- Opening Delimiter -

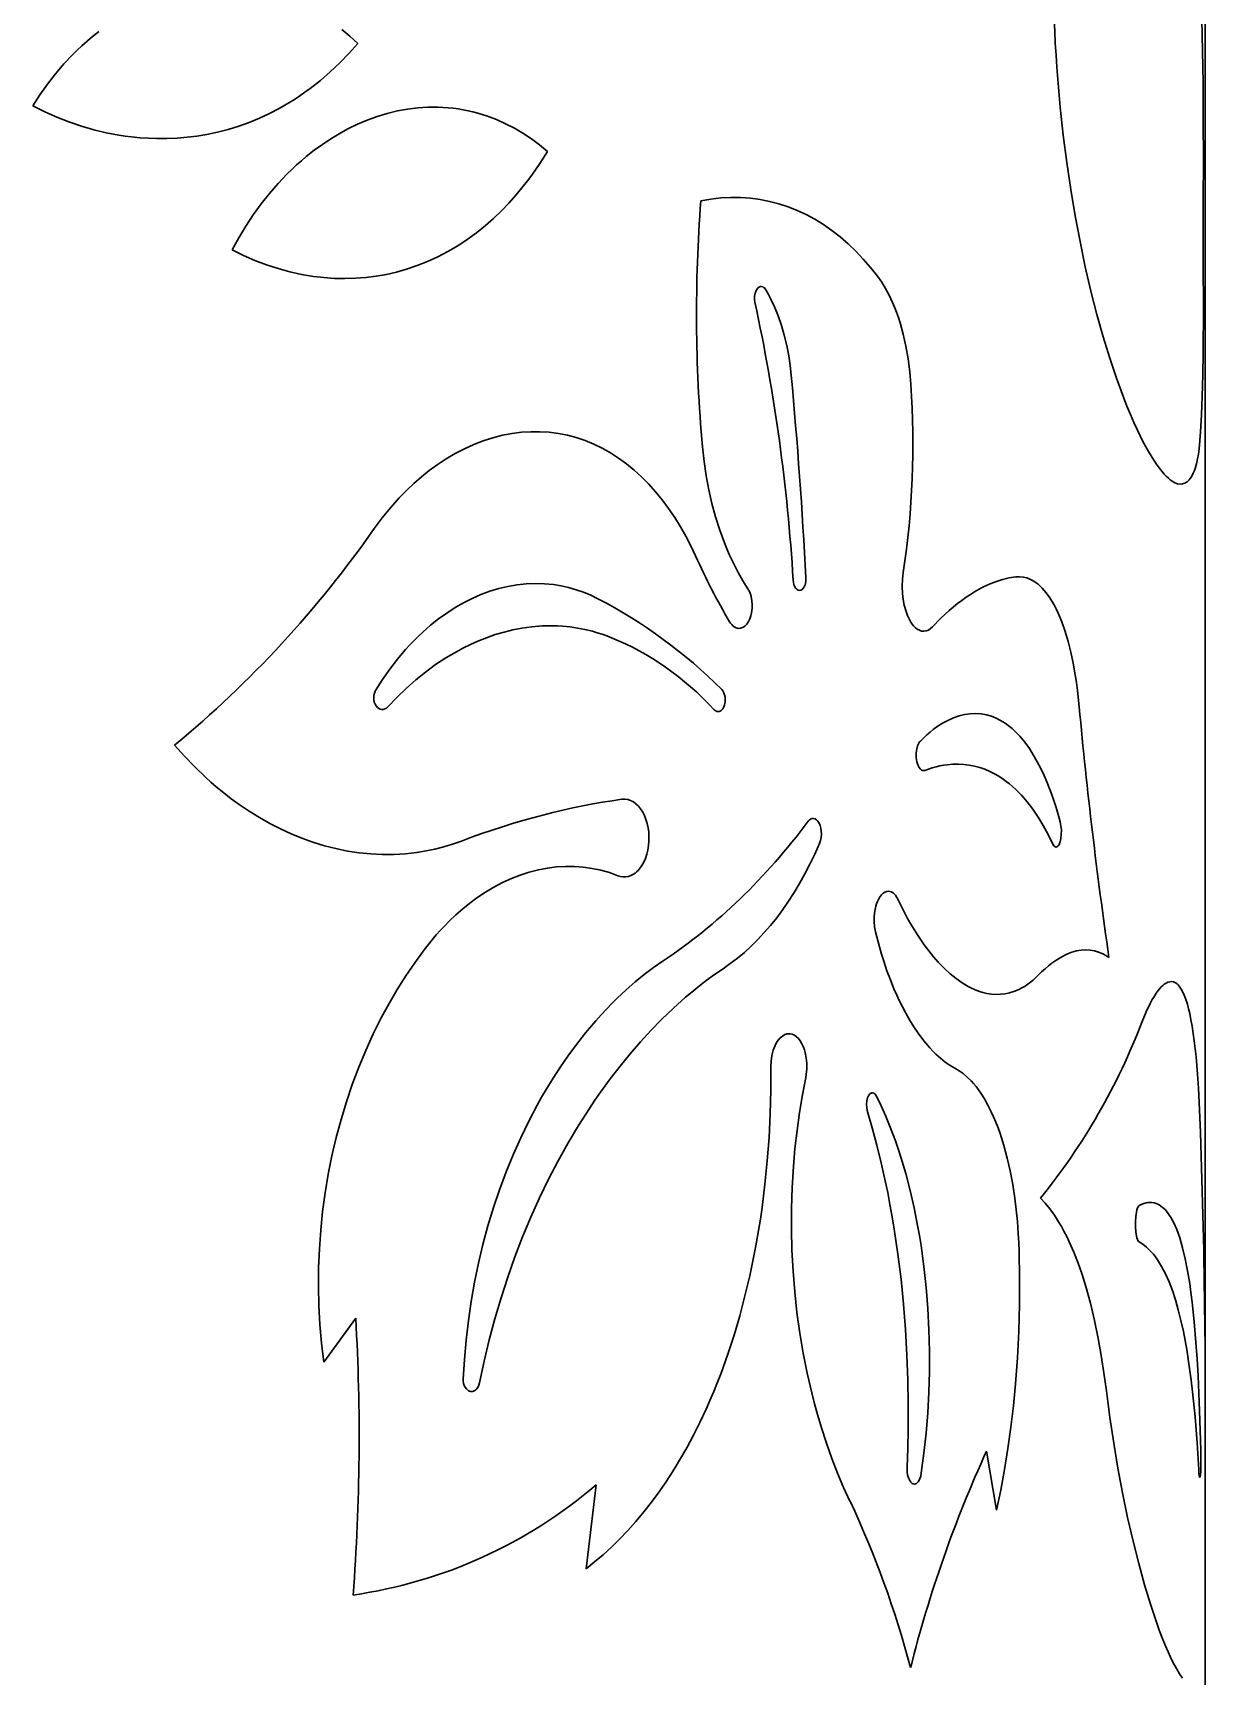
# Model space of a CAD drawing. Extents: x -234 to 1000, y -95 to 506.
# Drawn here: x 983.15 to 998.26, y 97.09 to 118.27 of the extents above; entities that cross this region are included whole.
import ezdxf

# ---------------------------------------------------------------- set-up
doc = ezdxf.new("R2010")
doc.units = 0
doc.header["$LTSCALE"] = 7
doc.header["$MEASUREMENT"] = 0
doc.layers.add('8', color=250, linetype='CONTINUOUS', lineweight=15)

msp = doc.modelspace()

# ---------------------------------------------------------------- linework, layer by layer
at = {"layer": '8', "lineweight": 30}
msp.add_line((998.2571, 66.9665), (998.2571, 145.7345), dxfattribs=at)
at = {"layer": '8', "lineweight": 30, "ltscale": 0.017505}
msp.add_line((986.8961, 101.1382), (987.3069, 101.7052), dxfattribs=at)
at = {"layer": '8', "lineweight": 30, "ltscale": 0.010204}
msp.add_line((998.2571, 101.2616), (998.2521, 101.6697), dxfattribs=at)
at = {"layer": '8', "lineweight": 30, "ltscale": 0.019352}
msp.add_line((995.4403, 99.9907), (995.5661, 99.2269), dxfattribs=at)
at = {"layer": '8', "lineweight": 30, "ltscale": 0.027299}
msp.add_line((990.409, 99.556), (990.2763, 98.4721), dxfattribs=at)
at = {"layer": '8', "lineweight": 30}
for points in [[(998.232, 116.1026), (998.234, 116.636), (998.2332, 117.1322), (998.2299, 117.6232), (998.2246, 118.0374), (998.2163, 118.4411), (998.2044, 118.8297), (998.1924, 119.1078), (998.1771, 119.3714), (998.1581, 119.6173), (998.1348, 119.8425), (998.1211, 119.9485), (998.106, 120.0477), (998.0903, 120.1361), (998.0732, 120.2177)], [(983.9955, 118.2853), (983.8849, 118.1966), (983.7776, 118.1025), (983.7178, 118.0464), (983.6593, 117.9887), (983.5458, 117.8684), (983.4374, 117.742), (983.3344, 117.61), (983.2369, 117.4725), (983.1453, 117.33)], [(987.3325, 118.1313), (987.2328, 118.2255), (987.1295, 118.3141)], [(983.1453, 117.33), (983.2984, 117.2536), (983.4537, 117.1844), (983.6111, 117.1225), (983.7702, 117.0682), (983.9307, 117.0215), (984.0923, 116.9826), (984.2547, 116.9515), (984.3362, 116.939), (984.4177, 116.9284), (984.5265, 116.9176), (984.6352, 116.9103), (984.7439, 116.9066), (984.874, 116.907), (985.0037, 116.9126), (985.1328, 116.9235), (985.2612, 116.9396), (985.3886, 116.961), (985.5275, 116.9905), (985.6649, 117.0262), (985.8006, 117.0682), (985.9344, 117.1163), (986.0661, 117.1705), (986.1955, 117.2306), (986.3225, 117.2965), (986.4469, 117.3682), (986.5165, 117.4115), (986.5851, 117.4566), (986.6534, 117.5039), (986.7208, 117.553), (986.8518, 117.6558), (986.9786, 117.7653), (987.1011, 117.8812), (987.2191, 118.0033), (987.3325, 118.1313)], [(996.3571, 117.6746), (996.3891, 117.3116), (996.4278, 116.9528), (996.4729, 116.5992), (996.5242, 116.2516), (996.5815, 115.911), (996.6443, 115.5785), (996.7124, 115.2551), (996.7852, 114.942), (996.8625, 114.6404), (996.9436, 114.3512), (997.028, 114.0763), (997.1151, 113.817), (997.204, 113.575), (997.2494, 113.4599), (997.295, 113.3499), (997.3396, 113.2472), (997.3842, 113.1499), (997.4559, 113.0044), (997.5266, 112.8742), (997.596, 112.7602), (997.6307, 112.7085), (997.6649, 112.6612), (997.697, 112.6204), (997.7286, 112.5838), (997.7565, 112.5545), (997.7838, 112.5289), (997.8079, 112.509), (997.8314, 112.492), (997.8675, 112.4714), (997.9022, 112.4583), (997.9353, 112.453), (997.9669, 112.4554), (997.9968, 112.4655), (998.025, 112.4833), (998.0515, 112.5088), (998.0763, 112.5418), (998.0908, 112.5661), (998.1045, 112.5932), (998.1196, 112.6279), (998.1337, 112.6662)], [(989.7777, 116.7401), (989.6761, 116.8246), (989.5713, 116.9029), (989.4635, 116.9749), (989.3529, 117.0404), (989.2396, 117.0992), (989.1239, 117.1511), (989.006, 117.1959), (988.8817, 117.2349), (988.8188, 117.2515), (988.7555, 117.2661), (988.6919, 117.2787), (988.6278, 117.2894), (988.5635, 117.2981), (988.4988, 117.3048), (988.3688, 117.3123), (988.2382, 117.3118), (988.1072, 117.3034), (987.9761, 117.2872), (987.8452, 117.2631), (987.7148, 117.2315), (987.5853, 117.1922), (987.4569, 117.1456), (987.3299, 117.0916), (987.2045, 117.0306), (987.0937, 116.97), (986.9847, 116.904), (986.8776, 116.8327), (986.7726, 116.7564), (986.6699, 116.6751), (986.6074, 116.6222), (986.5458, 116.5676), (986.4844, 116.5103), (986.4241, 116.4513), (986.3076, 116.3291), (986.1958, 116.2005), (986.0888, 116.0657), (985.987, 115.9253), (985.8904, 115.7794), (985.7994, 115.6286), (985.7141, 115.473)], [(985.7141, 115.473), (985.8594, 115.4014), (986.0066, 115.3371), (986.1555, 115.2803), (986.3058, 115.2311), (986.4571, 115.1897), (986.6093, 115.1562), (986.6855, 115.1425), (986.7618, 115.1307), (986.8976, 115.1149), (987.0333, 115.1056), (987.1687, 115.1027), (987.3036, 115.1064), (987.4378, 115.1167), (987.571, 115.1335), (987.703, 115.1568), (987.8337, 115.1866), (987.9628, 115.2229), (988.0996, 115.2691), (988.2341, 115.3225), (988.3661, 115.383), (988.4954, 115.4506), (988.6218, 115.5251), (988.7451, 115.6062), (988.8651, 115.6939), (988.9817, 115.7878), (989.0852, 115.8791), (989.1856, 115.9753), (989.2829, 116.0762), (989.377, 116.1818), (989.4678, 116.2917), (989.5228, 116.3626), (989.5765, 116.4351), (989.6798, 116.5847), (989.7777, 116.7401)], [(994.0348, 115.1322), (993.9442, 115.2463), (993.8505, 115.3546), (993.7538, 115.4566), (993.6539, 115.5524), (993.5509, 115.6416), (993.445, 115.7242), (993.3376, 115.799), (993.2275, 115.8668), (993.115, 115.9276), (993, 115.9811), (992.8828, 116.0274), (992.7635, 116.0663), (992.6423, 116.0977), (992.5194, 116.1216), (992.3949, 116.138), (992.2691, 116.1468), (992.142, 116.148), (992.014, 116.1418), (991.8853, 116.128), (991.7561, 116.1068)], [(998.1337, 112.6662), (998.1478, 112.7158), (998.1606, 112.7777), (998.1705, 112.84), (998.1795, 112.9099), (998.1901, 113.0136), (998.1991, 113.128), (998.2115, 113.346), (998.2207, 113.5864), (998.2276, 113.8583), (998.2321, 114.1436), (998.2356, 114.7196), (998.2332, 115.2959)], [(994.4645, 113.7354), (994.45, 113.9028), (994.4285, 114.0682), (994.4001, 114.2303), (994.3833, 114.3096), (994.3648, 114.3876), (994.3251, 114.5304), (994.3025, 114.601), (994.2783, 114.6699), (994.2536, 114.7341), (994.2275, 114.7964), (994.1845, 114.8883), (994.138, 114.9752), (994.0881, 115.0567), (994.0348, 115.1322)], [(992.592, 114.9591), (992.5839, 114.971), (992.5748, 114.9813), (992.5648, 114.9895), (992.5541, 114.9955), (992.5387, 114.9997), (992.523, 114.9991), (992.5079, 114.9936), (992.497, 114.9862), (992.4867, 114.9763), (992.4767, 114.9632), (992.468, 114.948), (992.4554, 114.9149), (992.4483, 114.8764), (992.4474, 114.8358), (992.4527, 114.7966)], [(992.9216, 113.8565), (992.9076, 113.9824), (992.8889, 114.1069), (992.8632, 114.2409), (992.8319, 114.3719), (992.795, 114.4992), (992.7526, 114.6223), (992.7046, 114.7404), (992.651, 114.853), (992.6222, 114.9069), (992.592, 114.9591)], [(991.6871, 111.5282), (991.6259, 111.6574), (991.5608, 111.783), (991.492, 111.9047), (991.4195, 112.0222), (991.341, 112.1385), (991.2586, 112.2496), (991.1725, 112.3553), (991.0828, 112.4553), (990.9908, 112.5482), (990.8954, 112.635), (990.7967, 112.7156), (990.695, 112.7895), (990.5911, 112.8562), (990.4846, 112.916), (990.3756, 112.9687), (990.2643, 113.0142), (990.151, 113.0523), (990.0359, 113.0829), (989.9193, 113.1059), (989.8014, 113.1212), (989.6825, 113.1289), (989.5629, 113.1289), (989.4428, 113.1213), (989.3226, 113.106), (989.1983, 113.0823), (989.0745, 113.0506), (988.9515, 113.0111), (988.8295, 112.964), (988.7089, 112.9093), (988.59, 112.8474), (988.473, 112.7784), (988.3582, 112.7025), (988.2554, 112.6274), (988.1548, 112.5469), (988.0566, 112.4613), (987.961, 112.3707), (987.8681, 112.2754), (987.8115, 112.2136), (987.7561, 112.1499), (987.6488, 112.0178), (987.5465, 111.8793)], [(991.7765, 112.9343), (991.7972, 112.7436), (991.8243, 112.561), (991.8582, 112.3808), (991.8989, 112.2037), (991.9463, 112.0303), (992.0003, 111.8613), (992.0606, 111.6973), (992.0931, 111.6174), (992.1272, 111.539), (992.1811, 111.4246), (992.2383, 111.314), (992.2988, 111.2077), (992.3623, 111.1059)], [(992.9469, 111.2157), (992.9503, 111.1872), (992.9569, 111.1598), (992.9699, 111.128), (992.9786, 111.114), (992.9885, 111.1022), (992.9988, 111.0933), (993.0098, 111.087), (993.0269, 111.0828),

- Closing Delimiter -

◆ Work required ◆
Reproduce the lines of the entries above from the one with "# Drawn here: x" to the one with "doc.units = 0", both included, exactly and without any other line.

◆ Your response ◆
# Drawn here: x 983.15 to 998.26, y 97.09 to 118.27 of the extents above; entities that cross this region are included whole.
import ezdxf

# ---------------------------------------------------------------- set-up
doc = ezdxf.new("R2010")
doc.units = 0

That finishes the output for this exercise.